In order to evaluate the life of Felix Mendelssohn from the perspective of Aristotle's theory, we must first examine the necessary conditions to begin the ascent of Maslow's hierarchy of needs. He was sufficiently lucky to avoid the problems that plagued other composers, lack of money and recognition. Mendelssohn was born into a rich family which guaranteed him financial security for his entire life. He was widely admired and enormously popular, and his death was mourned throughout Europe. Mendelssohn clearly had well-developed moral virtues, and his high degree of self-discipline enabled him to avoid the first level of pitfalls and move on to the intellectual virtues.
His personal motto, "What is worth doing at all is worth doing well", suggests that Mendelssohn spent his life working to improve his skills in the areas that he considered significant, to be all that he could be. However, this perfectionist attitude and the indication that excessive work contributed to his demise raise the question of whether he was truly living his life according to the Golden Mean. Was it a compulsion to work that cut his life short, and did it prevent him from achieving his potential?
"Overworking" was Mendelssohn's habit throughout his life, and his death cannot really have been caused primarily by this practice. Considering that he had experienced ill health on several occasions and that the death of his sister was an unexpected blow which coincided with his sickness, it was really a final reversal of fortune that led to Mendelssohn's early death. His policy of constantly pushing himself to his personal limit was not a lack of moral virtue but was instead an indication of his unyielding pursuit of Self-Actualization. So how can the criticisms of Mendelssohn's work be reconciled with the other evidence in terms of Aristotle's theory?
Translating the main criticisms into the terms of Virtue Ethics, Mendelssohn has been accused of being too inflexible, too conservative to achieve his full musical capacity which was suggested to be possibly greater than Mozart's early in his career. The critics suggest that while most err on one side of the Golden Mean, Mendelssohn erred on the other, living, thinking, and composing in such a narrowly-defined way that he was unable to enhance his music with the emotional depth needed to be considered a first rank composer. One of the implications of this sort of criticism is that the very smooth and comfortable nature of Mendelssohn's lifestyle which allowed him to thrive also inhibited his artistic growth, a notion that conflicts with Aristotle's theory.
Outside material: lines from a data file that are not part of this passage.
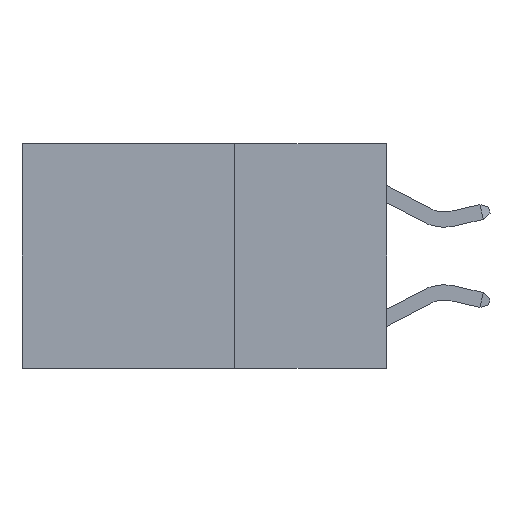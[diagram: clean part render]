
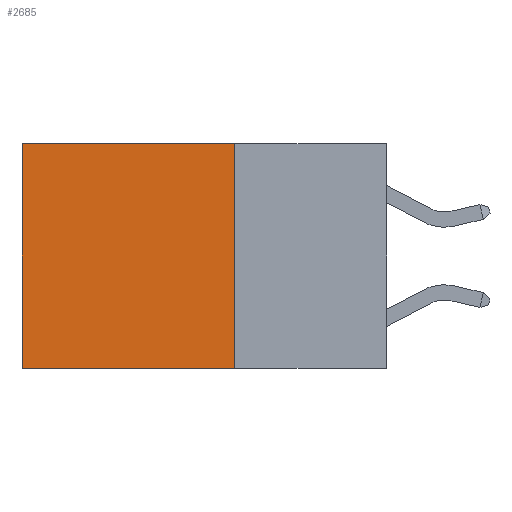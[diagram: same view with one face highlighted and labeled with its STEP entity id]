
A CAD part, left-side view. The second image highlights one B-rep face of the part: STEP entity #2685.
In plain terms, the highlighted planar face has unit normal (-1, 0, 0).
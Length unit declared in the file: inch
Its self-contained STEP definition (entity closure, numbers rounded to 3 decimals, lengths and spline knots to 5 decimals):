
#44 = EDGE_CURVE ( 'NONE', #805, #5655, #7200, .T. ) ;
#104 = PLANE ( 'NONE',  #5948 ) ;
#805 = VERTEX_POINT ( 'NONE', #5142 ) ;
#883 = DIRECTION ( 'NONE',  ( 0., 0., -1. ) ) ;
#973 = CARTESIAN_POINT ( 'NONE',  ( 0.2625, 0.25, 0. ) ) ;
#1067 = LINE ( 'NONE', #1475, #8582 ) ;
#1475 = CARTESIAN_POINT ( 'NONE',  ( 0.2625, 0.25, -0.37 ) ) ;
#1776 = DIRECTION ( 'NONE',  ( 0., 1., 0. ) ) ;
#1895 = FACE_OUTER_BOUND ( 'NONE', #6987, .T. ) ;
#2049 = LINE ( 'NONE', #2962, #3914 ) ;
#2416 = CARTESIAN_POINT ( 'NONE',  ( 0.2625, 0.25, 0. ) ) ;
#2685 = ADVANCED_FACE ( 'NONE', ( #1895 ), #104, .F. ) ;
#2962 = CARTESIAN_POINT ( 'NONE',  ( 0.2625, 0.6, 0. ) ) ;
#3334 = VECTOR ( 'NONE', #7872, 39.37008 ) ;
#3914 = VECTOR ( 'NONE', #8639, 39.37008 ) ;
#4050 = EDGE_CURVE ( 'NONE', #805, #4992, #6499, .T. ) ;
#4831 = EDGE_CURVE ( 'NONE', #4992, #8538, #2049, .T. ) ;
#4992 = VERTEX_POINT ( 'NONE', #8154 ) ;
#5142 = CARTESIAN_POINT ( 'NONE',  ( 0.2625, 0.25, 0. ) ) ;
#5438 = DIRECTION ( 'NONE',  ( 1., 0., 0. ) ) ;
#5655 = VERTEX_POINT ( 'NONE', #7418 ) ;
#5657 = EDGE_CURVE ( 'NONE', #5655, #8538, #1067, .T. ) ;
#5948 = AXIS2_PLACEMENT_3D ( 'NONE', #2416, #5438, #883 ) ;
#6294 = VECTOR ( 'NONE', #1776, 39.37008 ) ;
#6499 = LINE ( 'NONE', #973, #6294 ) ;
#6683 = CARTESIAN_POINT ( 'NONE',  ( 0.2625, 0.25, 0. ) ) ;
#6987 = EDGE_LOOP ( 'NONE', ( #8738, #8750, #8770, #8776 ) ) ;
#7200 = LINE ( 'NONE', #6683, #3334 ) ;
#7418 = CARTESIAN_POINT ( 'NONE',  ( 0.2625, 0.25, -0.37 ) ) ;
#7443 = DIRECTION ( 'NONE',  ( 0., 1., 0. ) ) ;
#7461 = CARTESIAN_POINT ( 'NONE',  ( 0.2625, 0.6, -0.37 ) ) ;
#7872 = DIRECTION ( 'NONE',  ( 0., 0., -1. ) ) ;
#8154 = CARTESIAN_POINT ( 'NONE',  ( 0.2625, 0.6, 0. ) ) ;
#8538 = VERTEX_POINT ( 'NONE', #7461 ) ;
#8582 = VECTOR ( 'NONE', #7443, 39.37008 ) ;
#8639 = DIRECTION ( 'NONE',  ( 0., 0., -1. ) ) ;
#8738 = ORIENTED_EDGE ( 'NONE', *, *, #4831, .T. ) ;
#8750 = ORIENTED_EDGE ( 'NONE', *, *, #5657, .F. ) ;
#8770 = ORIENTED_EDGE ( 'NONE', *, *, #44, .F. ) ;
#8776 = ORIENTED_EDGE ( 'NONE', *, *, #4050, .T. ) ;
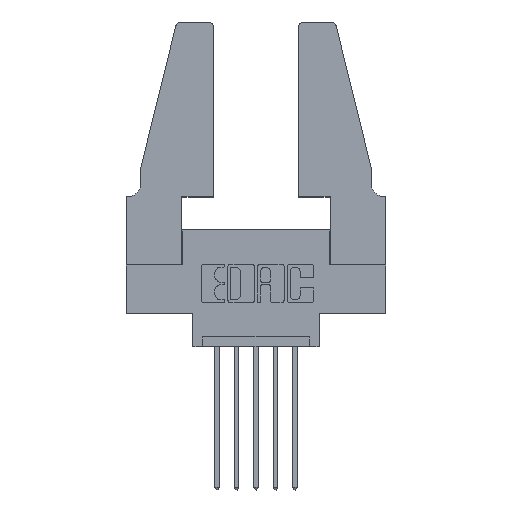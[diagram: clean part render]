
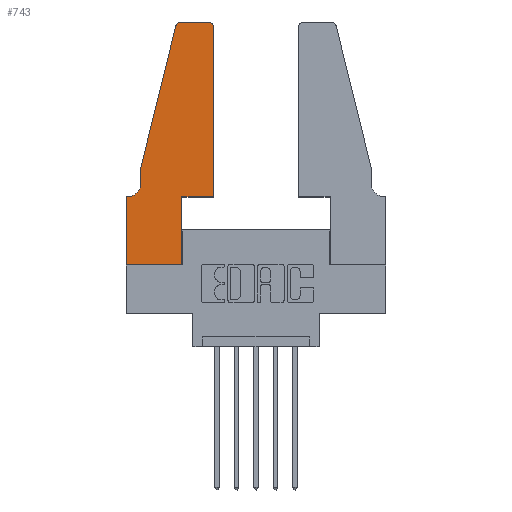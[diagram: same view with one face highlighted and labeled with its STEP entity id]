
A CAD part, top view. The second image highlights one B-rep face of the part: STEP entity #743.
In plain terms, the highlighted planar face has unit normal (0, 0, 1).
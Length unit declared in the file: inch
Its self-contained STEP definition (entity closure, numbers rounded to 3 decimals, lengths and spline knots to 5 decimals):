
#7 = DIRECTION ( 'NONE',  ( 1., 0., 0. ) ) ;
#203 = VERTEX_POINT ( 'NONE', #6214 ) ;
#216 = CARTESIAN_POINT ( 'NONE',  ( 0.2865, 0.35, 0.37 ) ) ;
#312 = DIRECTION ( 'NONE',  ( 1., 0., 0. ) ) ;
#334 = EDGE_LOOP ( 'NONE', ( #2292, #4751, #3733, #2357, #7839, #4655, #2414, #6066, #567, #1739, #4788, #6875 ) ) ;
#517 = CARTESIAN_POINT ( 'NONE',  ( 0.0055, 0.35, 0.37 ) ) ;
#567 = ORIENTED_EDGE ( 'NONE', *, *, #2380, .T. ) ;
#592 = DIRECTION ( 'NONE',  ( 0., 0., -1. ) ) ;
#601 = CARTESIAN_POINT ( 'NONE',  ( 0.4505, 1.22, 0.37 ) ) ;
#633 = LINE ( 'NONE', #6199, #2614 ) ;
#738 = CIRCLE ( 'NONE', #1042, 0.03 ) ;
#743 = ADVANCED_FACE ( 'NONE', ( #6801 ), #3767, .T. ) ;
#1042 = AXIS2_PLACEMENT_3D ( 'NONE', #3545, #4241, #7 ) ;
#1108 = DIRECTION ( 'NONE',  ( 0., 1., 0. ) ) ;
#1173 = AXIS2_PLACEMENT_3D ( 'NONE', #1253, #10689, #312 ) ;
#1231 = DIRECTION ( 'NONE',  ( -0.239, -0.971, 0. ) ) ;
#1253 = CARTESIAN_POINT ( 'NONE',  ( 0., 0.35, 0.37 ) ) ;
#1610 = VECTOR ( 'NONE', #5076, 39.37008 ) ;
#1705 = CARTESIAN_POINT ( 'NONE',  ( 0.0755, 0.35, 0.37 ) ) ;
#1739 = ORIENTED_EDGE ( 'NONE', *, *, #9288, .T. ) ;
#1924 = EDGE_CURVE ( 'NONE', #9228, #5542, #9740, .T. ) ;
#1988 = VERTEX_POINT ( 'NONE', #9572 ) ;
#2286 = VECTOR ( 'NONE', #7708, 39.37008 ) ;
#2292 = ORIENTED_EDGE ( 'NONE', *, *, #2950, .T. ) ;
#2357 = ORIENTED_EDGE ( 'NONE', *, *, #2575, .T. ) ;
#2380 = EDGE_CURVE ( 'NONE', #3880, #3214, #10127, .T. ) ;
#2414 = ORIENTED_EDGE ( 'NONE', *, *, #7174, .T. ) ;
#2477 = EDGE_CURVE ( 'NONE', #3547, #8673, #6950, .T. ) ;
#2575 = EDGE_CURVE ( 'NONE', #203, #6128, #633, .T. ) ;
#2614 = VECTOR ( 'NONE', #2763, 39.37008 ) ;
#2763 = DIRECTION ( 'NONE',  ( 0., -1., 0. ) ) ;
#2883 = LINE ( 'NONE', #3113, #7090 ) ;
#2950 = EDGE_CURVE ( 'NONE', #1988, #9228, #9703, .T. ) ;
#2989 = EDGE_CURVE ( 'NONE', #6009, #3880, #2883, .T. ) ;
#3113 = CARTESIAN_POINT ( 'NONE',  ( 0., 0., 0.37 ) ) ;
#3184 = DIRECTION ( 'NONE',  ( -1., 0., 0. ) ) ;
#3208 = CARTESIAN_POINT ( 'NONE',  ( 0.2865, 0., 0.37 ) ) ;
#3214 = VERTEX_POINT ( 'NONE', #216 ) ;
#3251 = EDGE_CURVE ( 'NONE', #5542, #203, #8749, .T. ) ;
#3307 = EDGE_CURVE ( 'NONE', #8673, #1988, #738, .T. ) ;
#3545 = CARTESIAN_POINT ( 'NONE',  ( 0.4205, 1.22, 0.37 ) ) ;
#3547 = VERTEX_POINT ( 'NONE', #6912 ) ;
#3733 = ORIENTED_EDGE ( 'NONE', *, *, #3251, .T. ) ;
#3767 = PLANE ( 'NONE',  #1173 ) ;
#3880 = VERTEX_POINT ( 'NONE', #3208 ) ;
#3924 = LINE ( 'NONE', #1705, #1610 ) ;
#4241 = DIRECTION ( 'NONE',  ( 0., 0., 1. ) ) ;
#4359 = VECTOR ( 'NONE', #1231, 39.37008 ) ;
#4543 = AXIS2_PLACEMENT_3D ( 'NONE', #10002, #8345, #9195 ) ;
#4655 = ORIENTED_EDGE ( 'NONE', *, *, #6267, .T. ) ;
#4751 = ORIENTED_EDGE ( 'NONE', *, *, #1924, .T. ) ;
#4788 = ORIENTED_EDGE ( 'NONE', *, *, #2477, .T. ) ;
#4805 = DIRECTION ( 'NONE',  ( -1., 0., 0. ) ) ;
#5076 = DIRECTION ( 'NONE',  ( -1., 0., 0. ) ) ;
#5152 = EDGE_CURVE ( 'NONE', #6128, #5638, #9128, .T. ) ;
#5351 = DIRECTION ( 'NONE',  ( 0., 1., 0. ) ) ;
#5437 = AXIS2_PLACEMENT_3D ( 'NONE', #10039, #592, #4805 ) ;
#5542 = VERTEX_POINT ( 'NONE', #8901 ) ;
#5638 = VERTEX_POINT ( 'NONE', #517 ) ;
#5766 = VECTOR ( 'NONE', #6994, 39.37008 ) ;
#5970 = VECTOR ( 'NONE', #3184, 39.37008 ) ;
#6009 = VERTEX_POINT ( 'NONE', #9070 ) ;
#6047 = VERTEX_POINT ( 'NONE', #6998 ) ;
#6066 = ORIENTED_EDGE ( 'NONE', *, *, #2989, .T. ) ;
#6128 = VERTEX_POINT ( 'NONE', #7295 ) ;
#6199 = CARTESIAN_POINT ( 'NONE',  ( 0.0755, 0.5, 0.37 ) ) ;
#6214 = CARTESIAN_POINT ( 'NONE',  ( 0.0755, 0.5, 0.37 ) ) ;
#6250 = CARTESIAN_POINT ( 'NONE',  ( 0.2865, 0.35, 0.37 ) ) ;
#6267 = EDGE_CURVE ( 'NONE', #5638, #6047, #3924, .T. ) ;
#6484 = LINE ( 'NONE', #10266, #2286 ) ;
#6801 = FACE_OUTER_BOUND ( 'NONE', #334, .T. ) ;
#6875 = ORIENTED_EDGE ( 'NONE', *, *, #3307, .T. ) ;
#6912 = CARTESIAN_POINT ( 'NONE',  ( 0.4505, 0.35, 0.37 ) ) ;
#6950 = LINE ( 'NONE', #7048, #10785 ) ;
#6994 = DIRECTION ( 'NONE',  ( 0., -1., 0. ) ) ;
#6998 = CARTESIAN_POINT ( 'NONE',  ( 0., 0.35, 0.37 ) ) ;
#7048 = CARTESIAN_POINT ( 'NONE',  ( 0.4505, 0.35, 0.37 ) ) ;
#7090 = VECTOR ( 'NONE', #7446, 39.37008 ) ;
#7155 = CARTESIAN_POINT ( 'NONE',  ( 0.2605, 1.25, 0.37 ) ) ;
#7174 = EDGE_CURVE ( 'NONE', #6047, #6009, #8032, .T. ) ;
#7213 = CARTESIAN_POINT ( 'NONE',  ( 0.284, 1.25, 0.37 ) ) ;
#7295 = CARTESIAN_POINT ( 'NONE',  ( 0.0755, 0.42, 0.37 ) ) ;
#7446 = DIRECTION ( 'NONE',  ( 1., 0., 0. ) ) ;
#7708 = DIRECTION ( 'NONE',  ( 1., 0., 0. ) ) ;
#7839 = ORIENTED_EDGE ( 'NONE', *, *, #5152, .T. ) ;
#8032 = LINE ( 'NONE', #8687, #5766 ) ;
#8345 = DIRECTION ( 'NONE',  ( 0., 0., 1. ) ) ;
#8673 = VERTEX_POINT ( 'NONE', #601 ) ;
#8687 = CARTESIAN_POINT ( 'NONE',  ( 0., 0., 0.37 ) ) ;
#8749 = LINE ( 'NONE', #10525, #4359 ) ;
#8901 = CARTESIAN_POINT ( 'NONE',  ( 0.25487, 1.22718, 0.37 ) ) ;
#9070 = CARTESIAN_POINT ( 'NONE',  ( 0., 0., 0.37 ) ) ;
#9128 = CIRCLE ( 'NONE', #5437, 0.07 ) ;
#9195 = DIRECTION ( 'NONE',  ( 1., 0., 0. ) ) ;
#9228 = VERTEX_POINT ( 'NONE', #7213 ) ;
#9288 = EDGE_CURVE ( 'NONE', #3214, #3547, #6484, .T. ) ;
#9572 = CARTESIAN_POINT ( 'NONE',  ( 0.4205, 1.25, 0.37 ) ) ;
#9703 = LINE ( 'NONE', #7155, #5970 ) ;
#9740 = CIRCLE ( 'NONE', #4543, 0.03 ) ;
#9859 = VECTOR ( 'NONE', #1108, 39.37008 ) ;
#10002 = CARTESIAN_POINT ( 'NONE',  ( 0.284, 1.22, 0.37 ) ) ;
#10039 = CARTESIAN_POINT ( 'NONE',  ( 0.0055, 0.42, 0.37 ) ) ;
#10127 = LINE ( 'NONE', #6250, #9859 ) ;
#10266 = CARTESIAN_POINT ( 'NONE',  ( 0.4505, 0.35, 0.37 ) ) ;
#10525 = CARTESIAN_POINT ( 'NONE',  ( 0.0755, 0.5, 0.37 ) ) ;
#10689 = DIRECTION ( 'NONE',  ( 0., 0., 1. ) ) ;
#10785 = VECTOR ( 'NONE', #5351, 39.37008 ) ;

In the end, an Aristotelian analysis of an individual's life can not be based upon the standards of others which is what invalidates these external assessments. Mendelssohn's untiring search for perfection in each piece shows that by his standards he was able to achieve his potential. Further evidence is given by his virtually invariant happiness, a result of his satisfaction with his progress toward personal goals. Indeed, he became unhappy specifically when his progress was stifled. For most of his life, Mendelssohn was a happy man in the truest Aristotelian sense, in a way that can be completely explained by Aristotle's theory. Felix Mendelssohn's life seems to be the perfect demonstration and confirmation of Aristotle's Self-Realization Theory.